Each valued charm reflected there:

Proud she exalts with conscious power

And reigns the sovereign of the hour.

Or haply in some pensive mood,

She pauses o'er the chrystal flood.

And views its circling current sweep,

In constant journey, to the deep;

Emblem of man, whose ceaseless wave

Is rolled to that dark gulf, the grave!

When starry evening pours her ray,

And mellows all the landscape gay;

These bowers so formed by nature's care,

Receive the constant, plighted pair,

Whose hearts are one, by feeling blent;

Whose souls (entwined each ligament)

Have breathed that vow which, heard on high,

E'en angels witness in the sky:-

Elate with joy, with rapture warm,

They gather every passing charm;

And o'er the future, spread each flower

Which hope can cull from fancy's bower;

And fondly view their years bestrewed

With roseate bliss and halcyon good.

Ah!
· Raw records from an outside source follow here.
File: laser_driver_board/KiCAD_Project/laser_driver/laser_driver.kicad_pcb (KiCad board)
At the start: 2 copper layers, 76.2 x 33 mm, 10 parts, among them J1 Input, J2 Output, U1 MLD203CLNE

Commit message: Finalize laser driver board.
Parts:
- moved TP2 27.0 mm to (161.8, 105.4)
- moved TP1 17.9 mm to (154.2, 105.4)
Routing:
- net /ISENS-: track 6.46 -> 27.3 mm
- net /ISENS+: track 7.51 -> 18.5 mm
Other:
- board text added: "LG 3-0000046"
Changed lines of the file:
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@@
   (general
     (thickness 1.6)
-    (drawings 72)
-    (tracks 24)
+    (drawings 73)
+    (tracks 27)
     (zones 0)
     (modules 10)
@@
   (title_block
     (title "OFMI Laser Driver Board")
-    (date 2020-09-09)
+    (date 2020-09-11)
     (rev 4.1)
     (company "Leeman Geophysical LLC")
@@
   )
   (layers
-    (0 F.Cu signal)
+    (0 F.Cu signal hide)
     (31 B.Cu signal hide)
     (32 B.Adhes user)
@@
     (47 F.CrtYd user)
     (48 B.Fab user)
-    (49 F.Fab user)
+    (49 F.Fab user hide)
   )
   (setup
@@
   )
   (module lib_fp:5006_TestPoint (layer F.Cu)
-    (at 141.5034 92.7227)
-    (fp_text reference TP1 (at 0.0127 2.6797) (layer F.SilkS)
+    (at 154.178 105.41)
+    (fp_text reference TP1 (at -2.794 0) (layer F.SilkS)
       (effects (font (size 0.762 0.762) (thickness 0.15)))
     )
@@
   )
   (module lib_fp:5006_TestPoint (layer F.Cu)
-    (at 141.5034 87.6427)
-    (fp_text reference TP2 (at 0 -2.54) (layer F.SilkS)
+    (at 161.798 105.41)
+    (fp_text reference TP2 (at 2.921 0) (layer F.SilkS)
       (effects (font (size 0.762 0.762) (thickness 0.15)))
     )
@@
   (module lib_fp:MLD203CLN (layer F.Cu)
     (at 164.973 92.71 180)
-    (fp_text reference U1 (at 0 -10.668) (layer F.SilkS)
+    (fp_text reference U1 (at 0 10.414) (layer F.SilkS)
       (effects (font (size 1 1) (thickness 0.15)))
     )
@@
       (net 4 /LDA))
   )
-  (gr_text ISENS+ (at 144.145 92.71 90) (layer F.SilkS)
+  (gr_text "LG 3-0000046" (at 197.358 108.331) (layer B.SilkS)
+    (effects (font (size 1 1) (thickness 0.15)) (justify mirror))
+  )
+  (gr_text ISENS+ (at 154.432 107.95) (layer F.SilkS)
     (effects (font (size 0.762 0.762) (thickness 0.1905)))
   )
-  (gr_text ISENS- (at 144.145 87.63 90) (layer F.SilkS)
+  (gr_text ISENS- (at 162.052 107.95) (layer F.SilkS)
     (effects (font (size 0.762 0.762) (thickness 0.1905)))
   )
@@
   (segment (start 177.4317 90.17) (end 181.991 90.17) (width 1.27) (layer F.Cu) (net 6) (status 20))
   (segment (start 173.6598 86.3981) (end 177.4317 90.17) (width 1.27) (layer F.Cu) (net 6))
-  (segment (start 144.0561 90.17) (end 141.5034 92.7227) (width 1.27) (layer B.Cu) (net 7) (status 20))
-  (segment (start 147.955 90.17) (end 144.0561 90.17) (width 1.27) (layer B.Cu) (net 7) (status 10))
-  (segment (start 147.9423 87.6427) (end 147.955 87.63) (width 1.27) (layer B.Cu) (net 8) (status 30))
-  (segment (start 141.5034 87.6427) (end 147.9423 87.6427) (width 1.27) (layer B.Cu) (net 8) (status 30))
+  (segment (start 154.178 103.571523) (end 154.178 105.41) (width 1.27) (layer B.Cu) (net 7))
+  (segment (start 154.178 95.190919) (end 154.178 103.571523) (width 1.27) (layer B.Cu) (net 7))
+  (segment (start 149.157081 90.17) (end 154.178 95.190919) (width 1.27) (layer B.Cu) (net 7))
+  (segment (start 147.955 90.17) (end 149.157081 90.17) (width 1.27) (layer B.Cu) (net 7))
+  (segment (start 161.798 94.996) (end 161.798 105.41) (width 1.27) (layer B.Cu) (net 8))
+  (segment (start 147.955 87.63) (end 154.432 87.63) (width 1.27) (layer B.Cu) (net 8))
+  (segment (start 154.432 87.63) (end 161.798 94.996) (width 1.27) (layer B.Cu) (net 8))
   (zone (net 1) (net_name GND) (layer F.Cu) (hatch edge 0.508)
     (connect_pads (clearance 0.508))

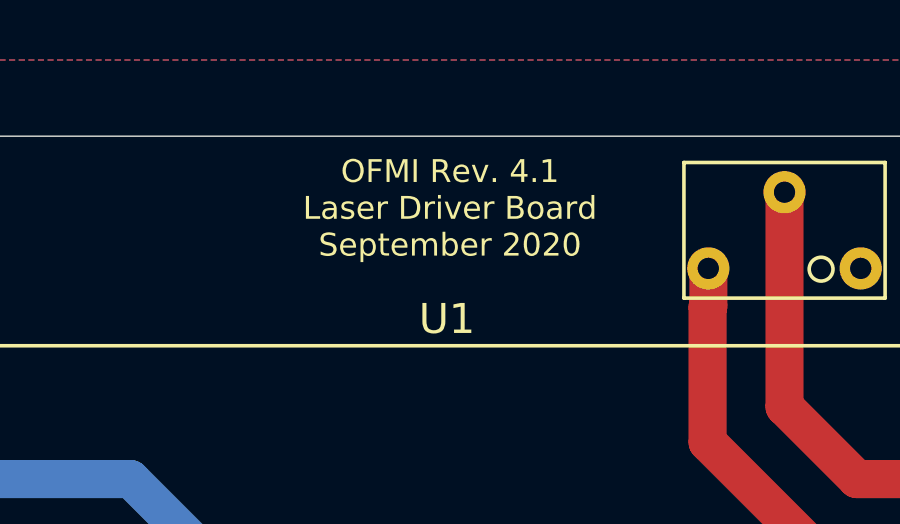
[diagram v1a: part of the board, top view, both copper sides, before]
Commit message: Rev 4.2 of laser driver board. Closes #34
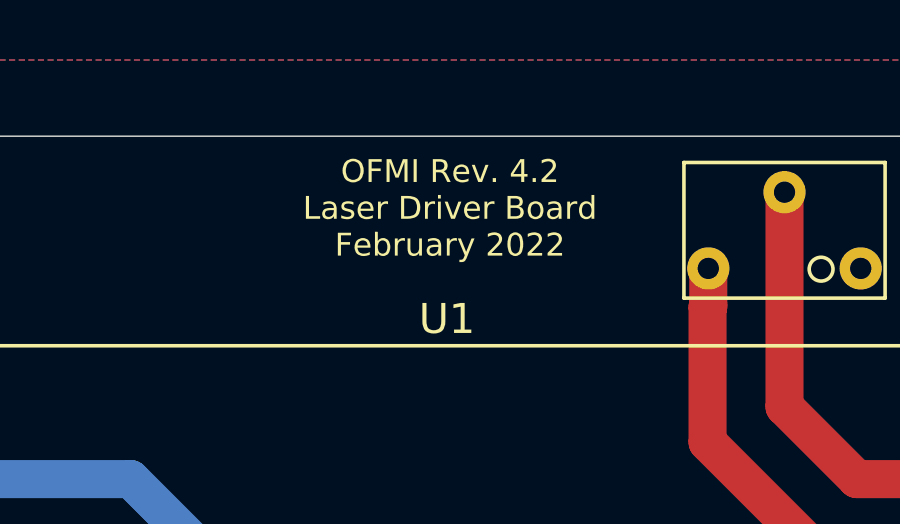
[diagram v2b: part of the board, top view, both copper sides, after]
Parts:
- added PCB1: barepcb, misc:barepcb, F.Cu at (199.9, 111.7)
- RV1: value R_POT -> 100k
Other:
- rule pad_to_mask_clearance: 0.051 -> 0
- board text added: "3-0000123"
- board text added: "OFMI Rev. 4.2 Laser Driver Board February 2022"
- board text removed: "LG 3-0000046"
- board text removed: "OFMI Rev. 4.1 Laser Driver Board September 2020"

Reckless they what griefs assail,

When bleak misfortune blows her gale:-

Affections crushed by wasting Death,

The eye bedimmed, and gasped the breath;

Beauty's bright form to dust returned,

And life's fond hopes with her enurned;

A solitary mourner's tread

Is heard o'er mansions of the dead;

The sad spectator of mankind,

Who lives without one joy behind.

But see, a gayer scene inspires,

Where love illumes his brightest fires;

And keener points his polished dart,

To carry captive all the heart.

The ballroom mopes, and high the blaze

Of radiant beauty, strikes the gaze:

Soft music floats upon the air,

And woman's charms shine doubly fair;

The dancer's steps drawn cut with art,

Their gay mysterious joys impart;

And mingling in the magic maze,

Each fair her brightest power displays;-

Now treading, to melodious sounds,

The blithe cotillion's graceful rounds;

Now, in the measured contra dance,

Shoots from her eye the thrilling glance,

Or, in the reel's fantastic measures

Trips the gay paths of sprightly pleasure;

While strains enamored breathe the sigh,

That magic chord of sympathy.

No wanton waltz shall here intrude,

With manners low and action rude-

Columbia's fair detest the art,

When siren song pollutes the heart;

And wakes its wild lascivious charms

To give to vice alluring forms.

With dimpled cheek, and laughing eye,

Their brightest gem is modesty.

Such are the scenes which, here awhile,

Shed o'er my lot joy's roseate smile;

As on the banks of Pearl I stray,

And laughing pass the hours away:

Here in these cool secluded shades,

These verdant lawns and sylvan glades;

How pleasure's beams, with brightening ray,

Illumine all the live long day;

And yield each bliss, whose charms impart

Their soothing solace to the heart

Friends I have found, but late made known,

Friends whom my feelings fondly own;

Beauty's high charms, and woman's worth;

All-all have poured their brilliance forth;

And wit and talents have bestrewed

Their flowrets on my solitude.

These dreams are o'er; again my way,

Is far from Pleasure's fading ray:

The tumult of the world I seek,

Its halcyon sky, or tempest bleak;

Alike prepared with purposed mind,

Its sunshine or its storm to find.

Then farewell Pearl, and friends adieu,

My destined path is far from you:

Yet oft in memory's bright array.

Will throng the hours while here I stray;

And oft in dreams the heart shall trace,

Friendship's loved forms and Beauty's grace.